He said one time after they all got back from a lunch break, there was one munchkin missing.
Evidently, he'd gotten a little too drunk during his lunch break.
And when they finally found him, he had fallen into the toilet.
So his head and legs were sticking out and he was stuck.
He had to be forcibly removed and dried off and sent back.
That's the thing, is that think about this opportunity for these little people.
like they don't get to do this every month the way that the contract players did.
This was a crazy, you know, wild experience for them.
And also, by the way, you know the contract players and the other actors and crew members on set were also drunk a lot of the time.
And a lot of them just knew how to handle it.
Right.
Versus the little people who came in and, you know, they were there to party, like to a certain degree.
And I can't 100% blame them on that.
Yeah.
It's just a recipe for.
trauma for some of the younger actors.
The six-year-olds who were like getting gin sweat on them trying to dance around with
adult munchkins.
Very strange combination.
A less fun story about the munchkins comes from the book Judy Garland's ex-husband Sidney
Left wrote after she had died.
In it he claimed that some of them would frequently reach up Garland's dress and basically
made her life in Munchkin land a living hell.

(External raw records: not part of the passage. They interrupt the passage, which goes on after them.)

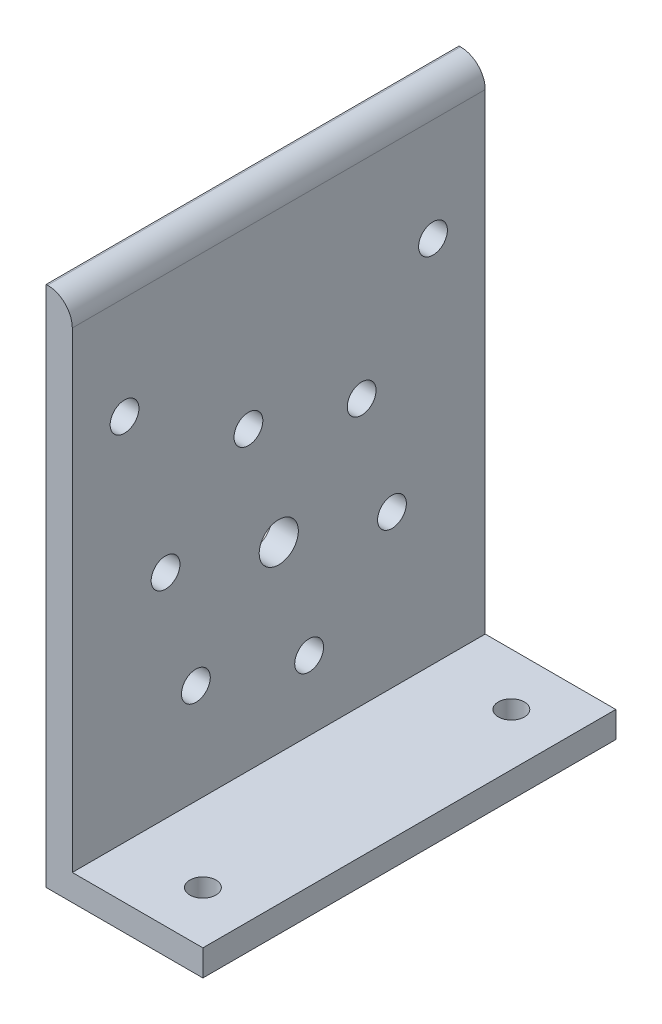
SolidWorks part; units mm, degrees
ref_plane "Front Plane" through (0, 0, 0) normal (0, 0, 1) x (1, 0, 0)
ref_plane "Top Plane" through (0, 0, 0) normal (0, 1, 0) x (1, 0, 0)
ref_plane "Right Plane" through (0, 0, 0) normal (1, 0, 0) x (0, 0, -1)
sketch "Sketch1" plane through (0, 0, 0) normal (0, 0, 1) x (1, 0, 0)
  line L2 (0, 0) -> (0, 127)
  line L3 (0, 127) -> (0.35, 127)
  line L4 (6.35, 37.75) -> (6.35, 121)
  line L6 (0, 0) -> (0, 6.35)
  line L8 (38.1, 0) -> (38.1, 0.35)
  line L9 (6.35, 6.35) -> (6.35, 37.75)
  line L11 (32.1, 6.35) -> (38.1, 6.35)
  line L12 (38.1, 6.35) -> (38.1, 0.35)
  line L13 (38.1, 0) -> (0, 0)
  line L14 (6.35, 6.35) -> (32.1, 6.35)
  arc A1 (0.35, 127) -> (6.35, 121) centre (0.35, 121) cw
  point P10 (38.1, 6.35)
  point P13 (6.35, 127)
  dimension "D1" = 127
  dimension "D2" = 38.1
  dimension "D3" = 6.35
  dimension "D4" = 6.35
extrude "Boss-Extrude1" add sketch "Sketch1" along normal blind 100.4 contours L4 A1 L3 L2 L8 region at (1.3259, 3.175, 0)
sketch "Sketch2" plane through (0, 0, 0) normal (-1, 0, 0) x (0, 0, 1)
  line L0 (50.2, 127) -> (50.2, 0)
  line L1 (57.5763, 78.3289) -> (50.2, 50.8)
  line L3 (100.4, 50.8) -> (0, 50.8) construction
  line L4 (100.4, 0) -> (100.4, 127) construction
  line L5 (0, 0) -> (0, 127) construction
  line L6 (100.4, 0) -> (0, 0) construction
  line L7 (100.4, 127) -> (0, 127) construction
  circle A9 centre (50.2, 50.8) radius 4.7625
  circle A17 centre (57.5763, 78.3289) radius 3.5
  circle A25 centre (50.2, 50.8) radius 28.5
  circle A26 centre (77.7289, 58.1763) radius 3.5
  circle A27 centre (70.3525, 30.6475) radius 3.5
  circle A28 centre (42.8237, 23.2711) radius 3.5
  circle A29 centre (22.6711, 43.4237) radius 3.5
  circle A30 centre (30.0475, 70.9525) radius 3.5
  dimension "D1" = 57
  dimension "D2" = 15
  dimension "D4" = 9.525
  dimension "D5" = 6
  dimension "D6" = 7
  dimension "D3" = 50.8
extrude "Cut-Extrude1" cut sketch "Sketch2" against normal through all both and the other way through all contours A9 | A17 | A26 | A30 | A27 | A28 | A29
sketch "Sketch3" plane through (0, 6.35, 0) normal (0, 1, 0) x (1, 0, 0)
  line L0 (25.4, -100.4) -> (25.4, 0) construction
  line L4 (6.35, -100.4) -> (38.1, -100.4) construction
  line L5 (6.35, 0) -> (38.1, 0) construction
  line L6 (0, -100.4) -> (0, 0) construction
  circle A0 centre (25.4, -12.7) radius 3.175
  circle A2 centre (25.4, -87.7) radius 3.175
  dimension "D2" = 6.35
  dimension "D3" = 12.7
  dimension "D4" = 12.7
  dimension "D5" = 6.35
  dimension "D1" = 25.4
extrude "Cut-Extrude2" cut sketch "Sketch3" against normal through all
ref_plane "Width Centerline Plane" through (0, 0, 50.2) normal (0, 0, 1) x (1, 0, 0)
sketch "Sketch5" plane through (6.35, 0, 0) normal (1, 0, 0) x (0, 0, -1)
  line L0 (-50.2, 6.35) -> (-50.2, 121) construction
  line L1 (-100.4, 121) -> (0, 121) construction
  line L2 (-100.4, 6.35) -> (0, 6.35) construction
  line L3 (-100.4, 6.35) -> (-100.4, 121) construction
  circle A0 centre (-87.7, 96) radius 3.5
  circle A2 centre (-12.7, 96) radius 3.5
  dimension "D1" = 7
  dimension "D2" = 25
  dimension "D3" = 12.7
extrude "Cut-Extrude4" cut sketch "Sketch5" against normal blind 10
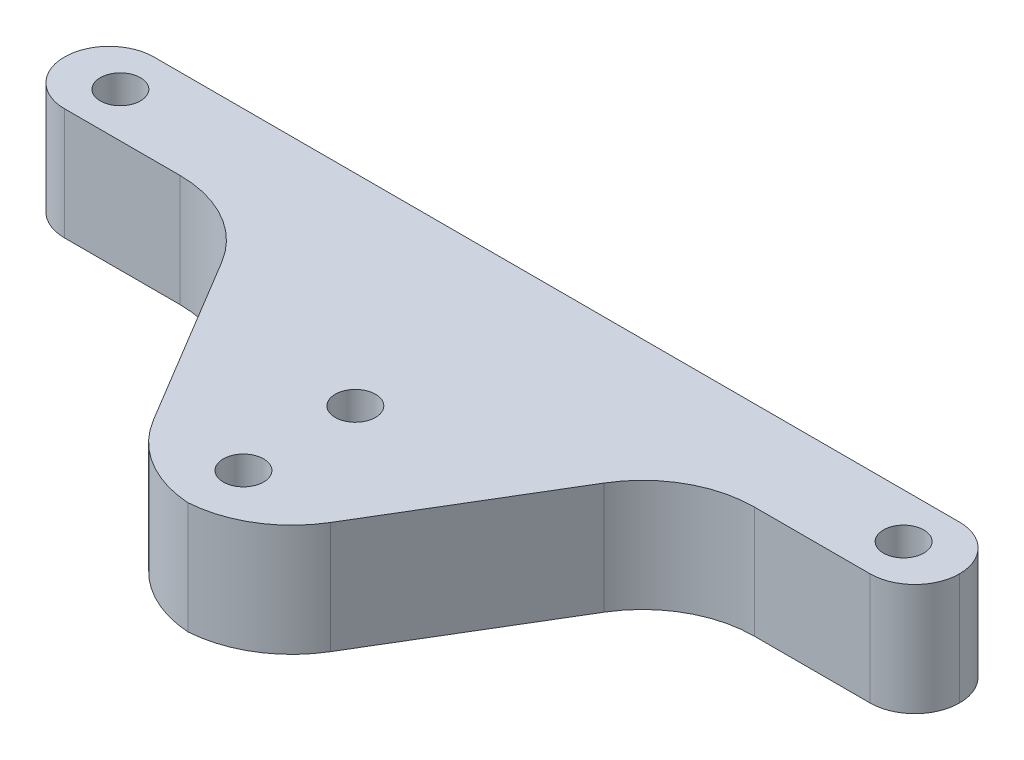
SolidWorks part; units mm, degrees
ref_plane "Front Plane" through (0, 0, 0) normal (0, 0, 1) x (1, 0, 0)
ref_plane "Top Plane" through (0, 0, 0) normal (0, 1, 0) x (1, 0, 0)
ref_plane "Right Plane" through (0, 0, 0) normal (1, 0, 0) x (0, 0, -1)
sketch "Sketch2" plane through (0, 0, 0) normal (0, 1, 0) x (1, 0, 0)
  line L6 (-6.35, 0) -> (6.35, 0)
  line L8 (25.4, 31.75) -> (50.8, 31.75)
  line L9 (50.8, 31.75) -> (50.8, 41.91)
  line L10 (50.8, 41.91) -> (-50.8, 41.91)
  line L11 (0, 41.91) -> (0, 0) construction
  line L14 (-50.8, 31.75) -> (-50.8, 41.91)
  line L15 (6.35, 0) -> (25.4, 31.75)
  line L17 (-25.4, 31.75) -> (-50.8, 31.75)
  line L18 (-6.35, 0) -> (-25.4, 31.75)
  circle A0 centre (0, 19.05) radius 2.286
  circle A1 centre (0, 6.35) radius 2.286
  circle A2 centre (44.45, 36.83) radius 2.286
  circle A3 centre (-44.45, 36.83) radius 2.286
  point P2 (25.9784, 31.9961)
  dimension "D1" = 4.572
  dimension "D2" = 5.08
  dimension "D3" = 6.35
  dimension "D4" = 10.16
  dimension "D5" = 6.35
  dimension "D6" = 12.7
  dimension "D7" = 6.35
  dimension "D8" = 12.7
  dimension "D9" = 50.8
  dimension "D10" = 25.4
extrude "Boss-Extrude2" add sketch "Sketch2" along normal blind 12.7
fillet "Fillet1" radius 5.08 4 edges at (50.8, 6.35, -41.91) (50.8, 6.35, -31.75) (-50.8, 6.35, -41.91) (-50.8, 6.35, -31.75)
fillet "Fillet2" radius 12.7 4 edges at (-25.4, 6.35, -31.75) (-6.35, 6.35, 0) (6.35, 6.35, 0) (25.4, 6.35, -31.75)
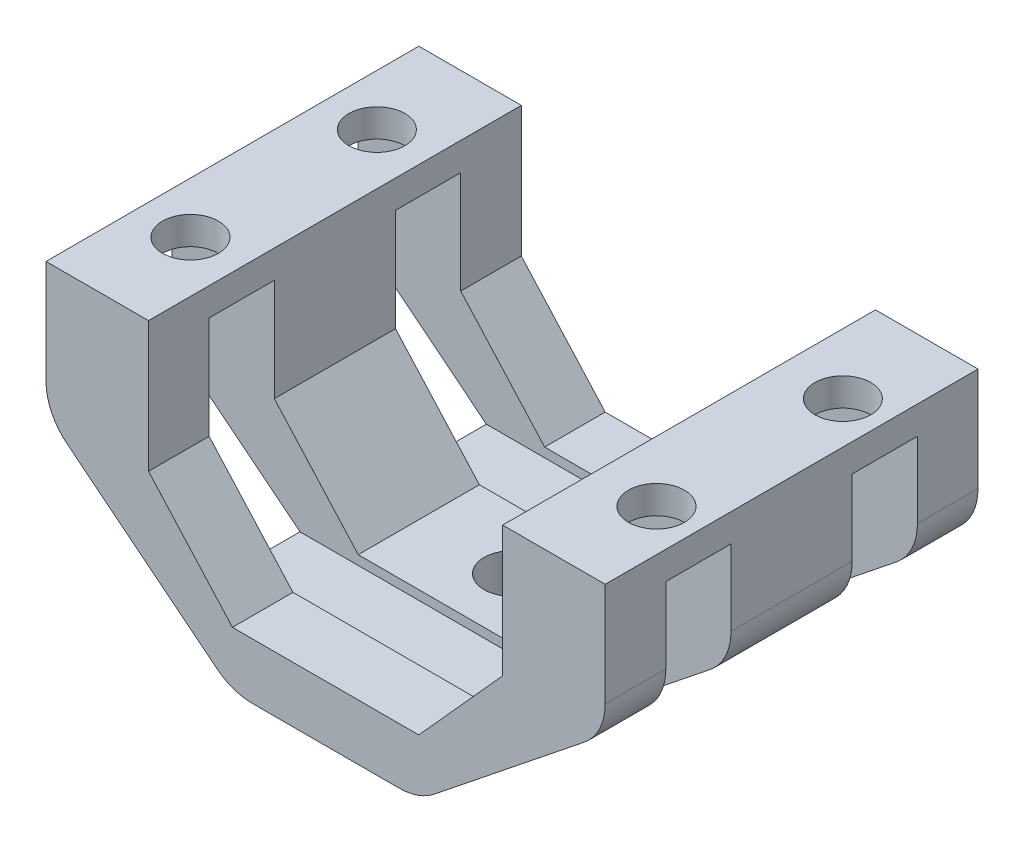
SolidWorks part; units mm, degrees
ref_plane "Alzado" through (0, 0, 0) normal (0, 0, 1) x (1, 0, 0)
ref_plane "Planta" through (0, 0, 0) normal (0, 1, 0) x (1, 0, 0)
ref_plane "Vista lateral" through (0, 0, 0) normal (1, 0, 0) x (0, 0, -1)
sketch "Croquis1" plane through (0, 0, 0) normal (0, 0, 1) x (1, 0, 0)
  line L0 (0, 0) -> (0, -5) construction
  line L21 (0, 0) -> (-4.5, 0) construction
  line L22 (-10, 0) -> (0, -8)
  line L23 (-4.5, 0) -> (-10, 0)
  line L24 (-4.5, 0) -> (-4.5, 7)
  line L25 (-4.5, 7) -> (-10, 7)
  line L26 (-10, 0) -> (-10, 7)
  line L27 (0, -5) -> (10, -5)
  line L28 (0, -5) -> (0, -8)
  line L29 (0, -8) -> (10, -8)
  line L30 (5, -5) -> (5, -8)
  line L31 (0, -5) -> (-4.5, 0)
  line L32 (10, -5) -> (10, -8)
  line L33 (20, 0) -> (10, -8)
  line L34 (10, -5) -> (14.5, 0)
  line L35 (14.5, 7) -> (20, 7)
  line L36 (20, 0) -> (20, 7)
  line L37 (14.5, 0) -> (20, 0)
  line L38 (14.5, 0) -> (14.5, 7)
  dimension "D1" = 7
  dimension "D2" = 4.5
  dimension "D3" = 5
  dimension "D4" = 3
  dimension "D5" = 5
  dimension "D6" = 5.5
extrude "Saliente-Extruir1" add sketch "Croquis1" along normal blind 20 contours L26 L23 L24 L25 | L28 L31 L23 L22 | L30 L27 L28 L29 | L32 L27 L30 L29 | L37 L34 L32 L33 | L38 L37 L36 L35 region at (-4.0507, -3.058, 0) region at (-7.25, 3.5, 0) region at (2.5, -6.5, 0) region at (7.5, -6.5, 0) region at (14.0507, -3.058, 0) region at (17.25, 3.5, 0)
sketch "Croquis2" plane through (-10, 0, 0) normal (-1, 0, 0) x (0, 0, 1)
  line L0 (10, 7) -> (10, 0) construction
  line L2 (20, 7) -> (0, 7) construction
  line L3 (20, 0) -> (0, 0) construction
  line L8 (0, 7) -> (10, 7) construction
  line L9 (5, 7) -> (5, 0) construction
  line L15 (16.75, 5.5) -> (13.25, 5.5)
  line L16 (3.25, -5.5) -> (6.75, -5.5)
  line L17 (3.25, -5.5) -> (3.25, 5.5)
  line L18 (3.25, 5.5) -> (6.75, 5.5)
  line L19 (6.75, -5.5) -> (6.75, 5.5)
  line L20 (3.25, -5.5) -> (6.75, 5.5) construction
  line L21 (3.25, 5.5) -> (6.75, -5.5) construction
  line L22 (13.25, -5.5) -> (13.25, 5.5)
  line L23 (16.75, -5.5) -> (13.25, -5.5)
  line L24 (16.75, -5.5) -> (16.75, 5.5)
  point P14 (5, -0.8486)
  point P15 (5, -0.3413)
  point P16 (5, 0)
  dimension "D1" = 3.5
  dimension "D2" = 1.5
extrude "Cortar-Extruir3" cut sketch "Croquis2" against normal through all
sketch "Croquis3" plane through (0, 7, 0) normal (0, 1, 0) x (1, 0, 0)
  line L0 (-7.25, 0) -> (-7.25, -5) construction
  line L1 (-4.5, 0) -> (-10, 0) construction
  circle A0 centre (-7.25, -5) radius 1.5
  circle A1 centre (17.75, -5) radius 1.5
  circle A2 centre (17.75, -15) radius 1.5
  circle A3 centre (-7.25, -15) radius 1.5
  dimension "D1" = 3
  dimension "D2" = 2
  dimension "D3" = 2
extrude "Cortar-Extruir4" cut sketch "Croquis3" against normal through all
fillet "Redondeo1" radius 3 8 edges at (10, -8, 10) (20, 0, 1.625) (20, 0, 18.375) (20, 0, 10) (0, -8, 10) (-10, 0, 18.375) (-10, 0, 1.625) (-10, 0, 10)
sketch "Croquis4" plane through (0, -5, 0) normal (0, 1, 0) x (1, 0, 0)
  line L0 (5, 0) -> (5, -20) construction
  line L1 (0, 0) -> (10, 0) construction
  line L2 (0, -20) -> (10, -20) construction
  circle A0 centre (5, -10) radius 1.5
extrude "Cortar-Extruir5" cut sketch "Croquis4" against normal through all

She was not alive to confirm or deny this, so I'm more hesitant
attempt to put that in, but worth noting. So with that in mind, let's let that lead us into a whole
section about the rest of the onset horrors during the Wizard of Oz. Here's a brief list of
everything else that went wrong during the filming. So you actually mentioned this earlier,
but that scene where they're laying in the poppy field and you see the snow fall on them?
Yes. Can you guess what the snow was made out of?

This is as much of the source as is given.